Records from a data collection
● ● ● ● ●

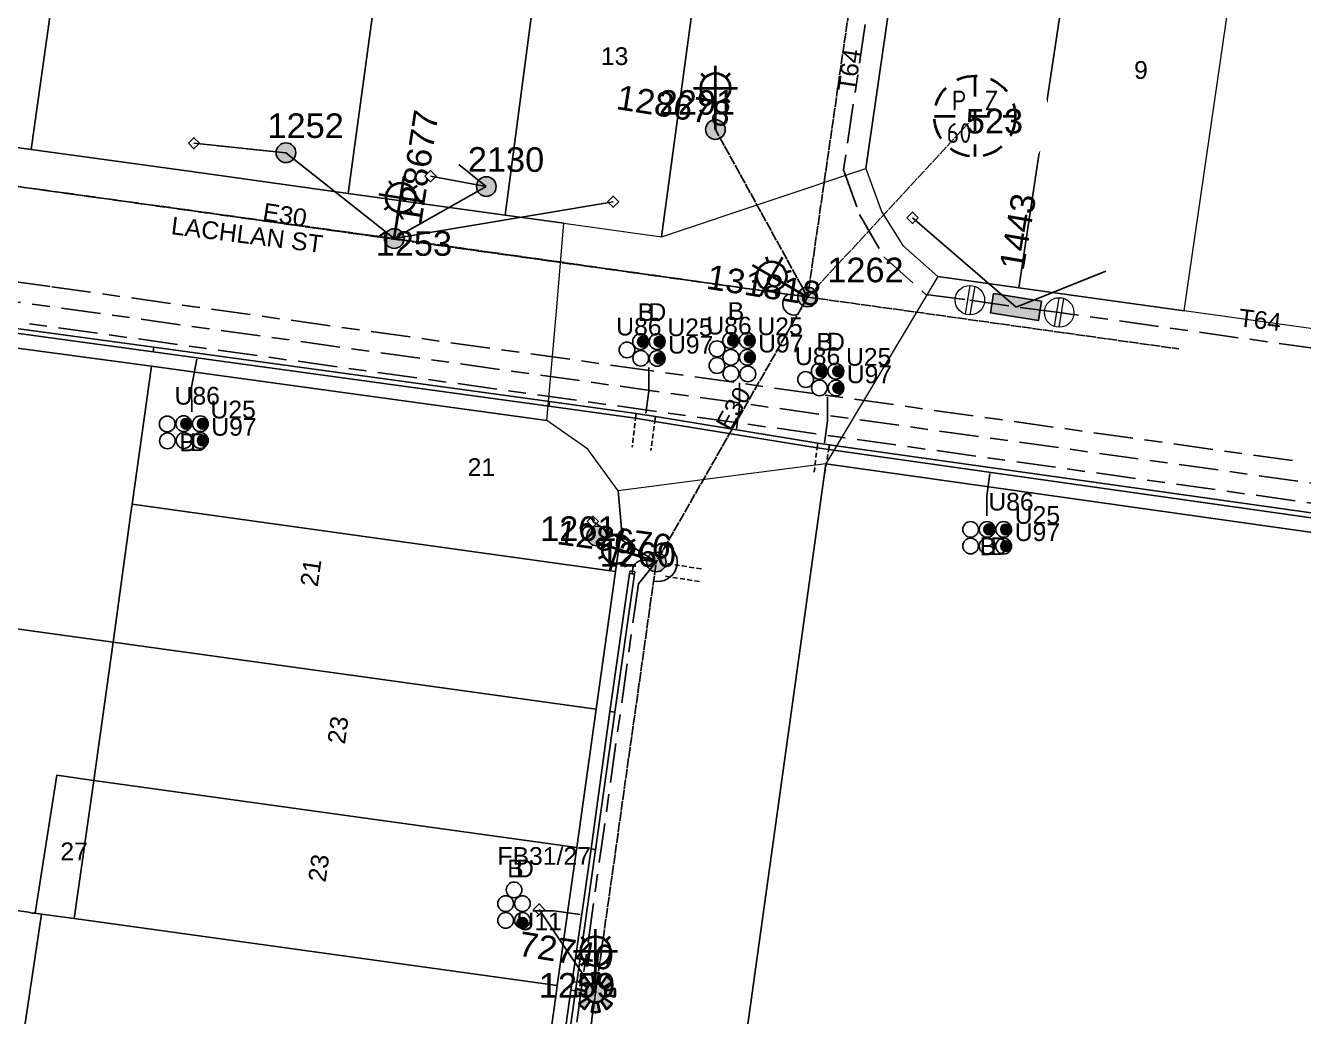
# Model space of a CAD drawing. Header units: metres. Extents: x 307881 to 309377, y 6244646 to 6245709.
# Drawn here: x 308636 to 308766, y 6245130.1 to 6245230.9 of the extents above; entities that cross this region are included whole.
import ezdxf
from ezdxf.enums import TextEntityAlignment as Align

# ---------------------------------------------------------------- set-up
doc = ezdxf.new("R2010")
doc.units = ezdxf.units.M
for name, pattern in [('Cable Exist OH', [1, 1, 0]), ('Cable Exist UG', [8.2, 4, -1.2, 1.8, -1.2]), ('Dash', [5, 3, -2]), ('DASHED', [0.75, 0.5, -0.25])]:
    doc.linetypes.add(name, pattern=pattern)
doc.layers.get('0').update_dxf_attribs({"color": 6})
for name, color, linetype in [('_User Miscellaneous7', 7, 'Continuous'), ('Duct_SP_EXT', 7, 'Continuous'), ('Equip_LV_EXT', 7, 'Continuous'), ('Equip_SL_EXT', 7, 'Continuous'), ('Equip_SP_SL_EXT', 7, 'Continuous'), ('Mains_HV_EXT', 7, 'Continuous'), ('Mains_LV_EXT', 7, 'Continuous'), ('Mains_SL_EXT', 7, 'Continuous'), ('Services_SP_EXT', 7, 'Continuous'), ('SupportsOH_SP_TR_HV_LV_SL_EXT', 7, 'Continuous'), ('SupportsUG_SP_LV_EXT', 7, 'Continuous'), ('Trench_SP_EXT', 7, 'Continuous')]:
    doc.layers.add(name, color=color, linetype=linetype)
for name, color, linetype, lineweight in [('Cadastre Buildings_SP_EXT', 9, 'Continuous', 5), ('Cadastre Land Parcels_SP_EXT', 9, 'Continuous', 5), ('Cadastre Roads_SP_EXT', 9, 'Continuous', 5)]:
    doc.layers.add(name, color=color, linetype=linetype, lineweight=lineweight)
doc.layers.add('UNKNOWN_FEATURES', color=1, linetype='DASHED', plot=False)
doc.styles.add('iecARIAL', font='arial.ttf', dxfattribs={"height": 2})
doc.styles.add('IESYMBOL1', font='isocp.shx')
doc.styles.add('POLE_LABEL', font='arial.ttf')
doc.styles.add('SLCP_LABEL', font='arial.ttf', dxfattribs={"height": 3.5})
doc.styles.get("Standard").update_dxf_attribs({"font": 'arial.ttf'})

# ---------------------------------------------------------------- blocks, each defined once
blk = doc.blocks.new('PILLAR_EXT')
blk.add_hatch(color=256).paths.add_polyline_path([(-2.475, 0.99), (-2.475, -0.99), (2.475, -0.99), (2.475, 0.99)])
blk.add_lwpolyline([(-2.475, -0.99), (2.475, -0.99), (2.475, 0.99), (-2.475, 0.99)], close=True)
at = {"style": 'iecARIAL', "flags": 8}
blk.add_attdef('ASSET_NUM', (1.5, 3.5), '', height=2.5, dxfattribs=at)
for tag, p, flags in [('OWNED_BY', (0, -0.2), 9), ('STATE', (0, -0.4), 9), ('SUPPORT_TYPE', (0, -0.6), 9), ('USAGE', (0, -0.8), 9), ('LEGEND', (0, -1), 9), ('LOCATION', (0, -1.2), 9), ('NOTES', (0, -1.4), 9), ('STREETNAME', (0, -1.8), 9), ('SUBURB', (0, -2), 1), ('PARENT', (0, -1.6), 9)]:
    blk.add_attdef(tag, p, '', height=0.2, dxfattribs=dict(flags=flags))
blk = doc.blocks.new('DUCT_EXT')
blk.add_circle((0, 0.8), 0.8)
at = {"flags": 1}
blk.add_attdef('Z', (0, 0), '', height=0.2, dxfattribs=at)
at = {"flags": 9}
for tag, p in [('DUCT_CODE', (0, 0)), ('XSECT_TYPE', (0, -0.2)), ('STATE', (0, -0.6)), ('FB_REFERENCE', (0, -0.4)), ('NOTES', (0, -0.8))]:
    blk.add_attdef(tag, text='', height=0.2, dxfattribs=at).set_placement(p, align=Align.MIDDLE_LEFT)
blk = doc.blocks.new('SL_LANTERN_EXT')
at = {"lineweight": 40}
for p, q in [((-1.46, 5.68), (-1.06, 5.28)), ((0, 1.97), (0, 6.47)), ((1.46, 5.68), (1.06, 5.28)), ((-2.25, 4.22), (2.25, 4.22)), ((-1.46, 2.76), (-1.06, 3.16)), ((0, 0), (0, 2.72)), ((1.46, 2.76), (1.06, 3.16))]:
    blk.add_line(p, q, dxfattribs=at)
blk.add_circle((0, 4.22), 1.5, dxfattribs=at)
at = {"color": 7, "style": 'iecARIAL', "flags": 8}
blk.add_attdef('ASSET_NUM', (1.5, 1.5), '', height=2.5, dxfattribs=at)
for tag, p, height, flags in [('CONSTRUCTED_VOLTAGE', (0.98, -0.65), 0.2, 9), ('CONTROL_TYPE', (0.98, -0.85), 0.2, 9), ('LANTERN_PURPOSE', (0.98, -1.05), 0.2, 9), ('LANTERN_TYPE', (0.98, -1.25), 0.2, 9), ('NO_PHASES', (0.98, -1.45), 0.2, 9), ('LNUMBER', (2.18, -3.25), 2.5, 8), ('OPERATING_VOLTAGE', (0.98, -1.65), 0.2, 9), ('ORIENTATION', (0.98, -1.85), 0.2, 9), ('OWNED_BY', (0.98, -2.05), 0.2, 9), ('STATE', (0.98, -2.25), 0.2, 9), ('USAGE', (0.98, -2.45), 0.2, 9), ('CEXIST', (0.98, -2.65), 0.2, 9), ('CNEW', (0.98, -2.85), 0.2, 9), ('CNUMBER', (0.98, -3.05), 0.2, 9), ('CREMOVE', (0.98, -3.25), 0.2, 9), ('CREPLACE', (0.98, -3.45), 0.2, 9), ('LKINGHEIGHT', (0.98, -3.65), 0.2, 9), ('LBRACKET', (0.98, -3.85), 0.2, 9), ('LBRACKETVOCAB', (0.98, -4.05), 0.2, 9), ('LCATEGORY', (0.98, -4.25), 0.2, 9), ('LCHARGE1', (0.98, -4.45), 0.2, 9), ('LCHARGE1PERCENT', (0.98, -4.65), 0.2, 9), ('LCHARGE2', (0.98, -4.85), 0.2, 9), ('LCHARGE2PERCENT', (0.98, -5.05), 0.2, 9), ('LCHARGE3', (0.98, -5.25), 0.2, 9), ('LCHARGE3PERCENT', (0.98, -5.45), 0.2, 9), ('LEXIST', (0.98, -5.65), 0.2, 9), ('LLAMP', (0.98, -5.85), 0.2, 9), ('LLAMPVOCAB', (0.98, -6.05), 0.2, 9), ('LMAST', (0.98, -6.25), 0.2, 9), ('LMASTVOCAB', (0.98, -6.45), 0.2, 9), ('LNEW', (0.98, -6.65), 0.2, 9), ('LANTNUMBER', (0.98, -6.85), 0.2, 9), ('LOUTREACH', (0.98, -7.25), 0.2, 9), ('LOUTREACHVOCAB', (0.98, -7.45), 0.2, 9), ('LRATECODE', (0.98, -7.65), 0.2, 9), ('LREMOVE', (0.98, -7.85), 0.2, 9), ('STREETNAME', (0.98, -9.25), 0.2, 9), ('LREPLACE', (0.98, -8.05), 0.2, 9), ('LTYPE', (0.98, -8.25), 0.2, 9), ('LTYPEVOCAB', (0.98, -8.45), 0.2, 9), ('LEGEND', (0.98, -8.65), 0.2, 9), ('LOCATION', (0.98, -8.85), 0.2, 9), ('NOTES', (0.98, -9.05), 0.2, 9), ('SUBURB', (0.98, -9.45), 0.2, 1)]:
    blk.add_attdef(tag, p, '', height=height, dxfattribs=dict(flags=flags))
blk = doc.blocks.new('SL_NIGHTWATCH_EXT')
at = {"lineweight": 40}
h = blk.add_hatch(color=256, dxfattribs=at)
h.paths.add_polyline_path([(0.39, 1.96, 0.098491), (-0.39, 1.96), (-0.2, 0.98, -0.098491), (0.19, 0.98)])
h.paths.add_polyline_path([(0.55, 0.83, -0.098491), (0.83, 0.56), (1.66, 1.11, 0.098491), (1.11, 1.66)])
h.paths.add_polyline_path([(0.98, 0.2, -0.098491), (0.98, -0.19), (1.96, -0.39, 0.098491), (1.96, 0.39)])
h.paths.add_polyline_path([(0.83, -0.55, -0.098491), (0.56, -0.83), (1.11, -1.66, 0.098491), (1.66, -1.11)])
h.paths.add_polyline_path([(-0.19, -0.98), (-0.39, -1.96, 0.098491), (0.39, -1.96), (0.2, -0.98, -0.098491)])
h.paths.add_polyline_path([(-0.83, -0.56), (-1.66, -1.11, 0.098491), (-1.11, -1.66), (-0.55, -0.83, -0.098491)])
h.paths.add_polyline_path([(-0.98, 0.19), (-1.96, 0.39, 0.098491), (-1.96, -0.39), (-0.98, -0.2, -0.098491)])
h.paths.add_polyline_path([(-1.11, 1.66, 0.098491), (-1.66, 1.11), (-0.83, 0.55, -0.098491), (-0.56, 0.83)])
for p, q in [((-1.16, 1.63), (-1.16, 1.63, 0)), ((-1.1, 1.64), (-1.1, 1.64, 0)), ((1.08, 1.63), (1.08, 1.63, 0)), ((-0.86, -0.57), (-0.86, -0.57, 0)), ((0.82, -0.57), (0.82, -0.57, 0)), ((1.96, -0.37), (1.96, -0.37, 0)), ((1.13, -1.65), (1.13, -1.65, 0))]:
    blk.add_line(p, q, dxfattribs=at)
for points in [[(-0.56, 0.83, 0.098491), (-0.83, 0.55), (-1.66, 1.11, -0.098491), (-1.11, 1.66)], [(-0.2, 0.98, -0.098491), (0.19, 0.98), (0.39, 1.96, 0.098491), (-0.39, 1.96)], [(0.83, 0.56), (1.66, 1.11, 0.098491), (1.11, 1.66), (0.55, 0.83, -0.098491)], [(-0.98, 0.19, 0.098491), (-0.98, -0.2), (-1.96, -0.39, -0.098491), (-1.96, 0.39)], [(0.98, -0.19), (1.96, -0.39, 0.098491), (1.96, 0.39), (0.98, 0.2, -0.098491)], [(-0.83, -0.56, 0.098491), (-0.55, -0.83), (-1.11, -1.66, -0.098491), (-1.66, -1.11)], [(0.2, -0.98), (0.39, -1.96, -0.098491), (-0.39, -1.96), (-0.19, -0.98, 0.098491)], [(0.56, -0.83), (1.11, -1.66, 0.098491), (1.66, -1.11), (0.83, -0.55, -0.098491)]]:
    blk.add_lwpolyline(points, format="xyb", close=True, dxfattribs=at)
blk.add_circle((0, 0), 1, dxfattribs=at)
blk = doc.blocks.new('CCP_EXT')
at = {"flags": 9}
for tag, p in [('LEGEND', (0, -1.4)), ('STATE', (0, -1.8)), ('LIFE_SUPPORT', (0, -1.6)), ('NOTES', (0, -2))]:
    blk.add_attdef(tag, text='', height=0.2, dxfattribs=at).set_placement(p, align=Align.MIDDLE_LEFT)
blk.add_wipeout([(0, 0.57), (0.57, 0), (0, -0.57), (-0.57, 0)])
blk.add_lwpolyline([(-0.57, 0), (0, 0.57), (0.57, 0), (0, -0.57), (-0.57, 0)])
at = {"flags": 1}
blk.add_attdef('Z', (0, 0), '', height=0.2, dxfattribs=at)
at = {"flags": 9}
for tag, p in [('CCP_TYPE', (0, 0)), ('CONSTRUCTED_VOLTAGE', (0, -0.2)), ('OPERATING_VOLTAGE', (0, -0.6)), ('ORIENTATION', (0, -0.8)), ('OWNED_BY', (0, -1)), ('NO_PHASES', (0, -0.4)), ('USAGE', (0, -1.2))]:
    blk.add_attdef(tag, text='', height=0.2, dxfattribs=at).set_placement(p, align=Align.MIDDLE_LEFT)
blk = doc.blocks.new('POLE_EXT')
blk.add_hatch(color=256).paths.add_polyline_path([(-1, 0, 1), (1, 0, 1)])
blk.add_lwpolyline([(-1, 0, 1), (1, 0, 1)], format="xyb", close=True)
for tag, height, flags, p in [('pNumber', 2.5, 8, (-17.84, 2.07)), ('OWNED_BY', 0.2, 9, (1.35, -0.4)), ('SPECIAL_USE', 0.2, 9, (1.35, -0.8)), ('STATE', 0.2, 9, (1.35, -1)), ('PARENT', 0.2, 9, (1.35, -0.6)), ('USAGE', 0.2, 9, (1.35, -1.2)), ('cLV', 0.2, 9, (1.35, -1.4)), ('hDepth', 0.2, 9, (1.35, -1.6)), ('hDia', 0.2, 9, (1.35, -1.8)), ('cHV', 0.2, 9, (1.35, -2)), ('LBRACKET', 0.2, 9, (1.35, -2.2)), ('LExisting', 0.2, 9, (1.35, -2.4)), ('LANTNUMBER', 0.2, 9, (1.35, -2.6)), ('cLinedev', 0.2, 9, (1.35, -3.4)), ('pExisting', 0.2, 9, (1.35, -3.8)), ('LOther', 0.2, 9, (1.35, -2.8)), ('LRemove', 0.2, 9, (1.35, -3)), ('LEGEND', 0.2, 9, (1.35, -3.2)), ('LOCATION', 0.2, 9, (1.35, -3.6)), ('pFooting', 0.2, 9, (1.35, -4.4)), ('pNew', 0.2, 9, (1.35, -4.6)), ('pRelocate', 0.2, 9, (1.35, -5)), ('pRemove', 0.2, 9, (1.35, -5.2)), ('PFNUMBER', 0.2, 9, (1.35, -4)), ('NEWPFNUMBER', 0.2, 9, (1.35, -4.2)), ('pReplace', 0.2, 9, (1.35, -5.4)), ('pStay', 0.2, 9, (1.35, -5.6)), ('pType', 0.2, 9, (1.35, -5.8)), ('cspan', 0.2, 9, (1.35, -6)), ('STREETNAME', 0.2, 9, (1.35, -6.2)), ('SUBURB', 0.2, 9, (1.35, -6.4)), ('NOTES', 0.2, 9, (1.35, -6.6)), ('OPERATED_BY', 0.2, 9, (1.36, -7.01)), ('MAINTAINED_BY', 0.2, 9, (1.36, -6.81))]:
    blk.add_attdef(tag, text='', height=height, dxfattribs=dict(flags=flags)).set_placement(p, align=Align.MIDDLE_LEFT)
at = {"style": 'POLE_LABEL'}
for tag, height, flags, p in [('ASSET_NUM', 2.5, 8, (2, 2)), ('STRUCTURE_PLANT_NUMBER', 0.2, 9, (1.35, 0.03)), ('STREET_CODE', 0.2, 9, (1.35, -0.2))]:
    blk.add_attdef(tag, text='', height=height, dxfattribs=dict(at, flags=flags)).set_placement(p, align=Align.MIDDLE_LEFT)
at = {"flags": 1}
blk.add_attdef('Z', (1.35, -7.33), '', height=0.2, dxfattribs=at)
blk = doc.blocks.new('LV_UG_LINKS_CLOSED_EXT')
blk.add_wipeout([(-1.06, 1.06), (-1.18, 0.92), (-1.29, 0.76), (-1.37, 0.59), (-1.43, 0.42), (-1.48, 0.23), (-1.49, 0.05), (-1.49, -0.14), (-1.46, -0.33), (-1.41, -0.51), (-1.33, -0.68), (-1.24, -0.84), (-1.12, -0.99), (-0.99, -1.12), (-0.84, -1.24), (-0.68, -1.33), (-0.51, -1.41), (-0.33, -1.46), (-0.14, -1.49), (0.05, -1.49), (0.23, -1.48), (0.42, -1.43), (0.59, -1.37), (0.76, -1.29), (0.92, -1.18), (1.06, -1.06), (1.18, -0.92), (1.29, -0.76), (1.37, -0.59), (1.43, -0.42), (1.48, -0.23), (1.49, -0.05), (1.49, 0.14), (1.46, 0.33), (1.41, 0.51), (1.33, 0.68), (1.24, 0.84), (1.12, 0.99), (0.99, 1.12), (0.84, 1.24), (0.68, 1.33), (0.51, 1.41), (0.33, 1.46), (0.14, 1.49), (-0.05, 1.49), (-0.23, 1.48), (-0.42, 1.43), (-0.59, 1.37), (-0.76, 1.29), (-0.92, 1.18)])
at = {"lineweight": 20}
for p, q in [((-0.25, -1.48), (-0.25, 1.48)), ((0.25, -1.48), (0.25, 1.48))]:
    blk.add_line(p, q, dxfattribs=at)
blk.add_circle((0, 0), 1.5, dxfattribs=at)
at = {"flags": 9}
for tag, p in [('ACTUAL_STATUS', (0, 0)), ('CONSTRUCTED_VOLTAGE', (0, -0.2)), ('OPERATING_VOLTAGE', (0, -0.6)), ('ORIENTATION', (0, -0.8)), ('STATE', (0, -1)), ('SWITCH_TYPE', (0, -1.2)), ('NO_PHASES', (0, -0.4)), ('USAGE', (0, -1.4)), ('NOTES', (0, -1.6))]:
    blk.add_attdef(tag, text='', height=0.2, dxfattribs=at).set_placement(p, align=Align.MIDDLE_LEFT)
at = {"flags": 1}
blk.add_attdef('Z', (0, 0), '', height=0.2, dxfattribs=at)
blk = doc.blocks.new('CABLE_LARGE_EXT')
h = blk.add_hatch(color=256)
edge = h.paths.add_edge_path()
edge.add_arc((0, 0.55), 0.55, 0, 360)
blk.add_circle((0, 0.55), 0.55)
at = {"flags": 1}
blk.add_attdef('Z', (0, 0), '', height=0.2, dxfattribs=at)
at = {"flags": 9}
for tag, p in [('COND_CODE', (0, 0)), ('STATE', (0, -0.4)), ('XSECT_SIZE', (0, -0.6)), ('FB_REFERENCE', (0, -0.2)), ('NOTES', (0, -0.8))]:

● ● ● ● ●

### TASK DETAILS:
An exact copy of the lines above, from the one containing "blk = doc.blocks.new('PILLAR_EXT')" down to the one containing "(-2.475, 0.99)], close=True)" and including both, is the whole answer; retype it and nothing else.

### EXERCISE RESULT:
blk = doc.blocks.new('PILLAR_EXT')
blk.add_hatch(color=256).paths.add_polyline_path([(-2.475, 0.99), (-2.475, -0.99), (2.475, -0.99), (2.475, 0.99)])
blk.add_lwpolyline([(-2.475, -0.99), (2.475, -0.99), (2.475, 0.99), (-2.475, 0.99)], close=True)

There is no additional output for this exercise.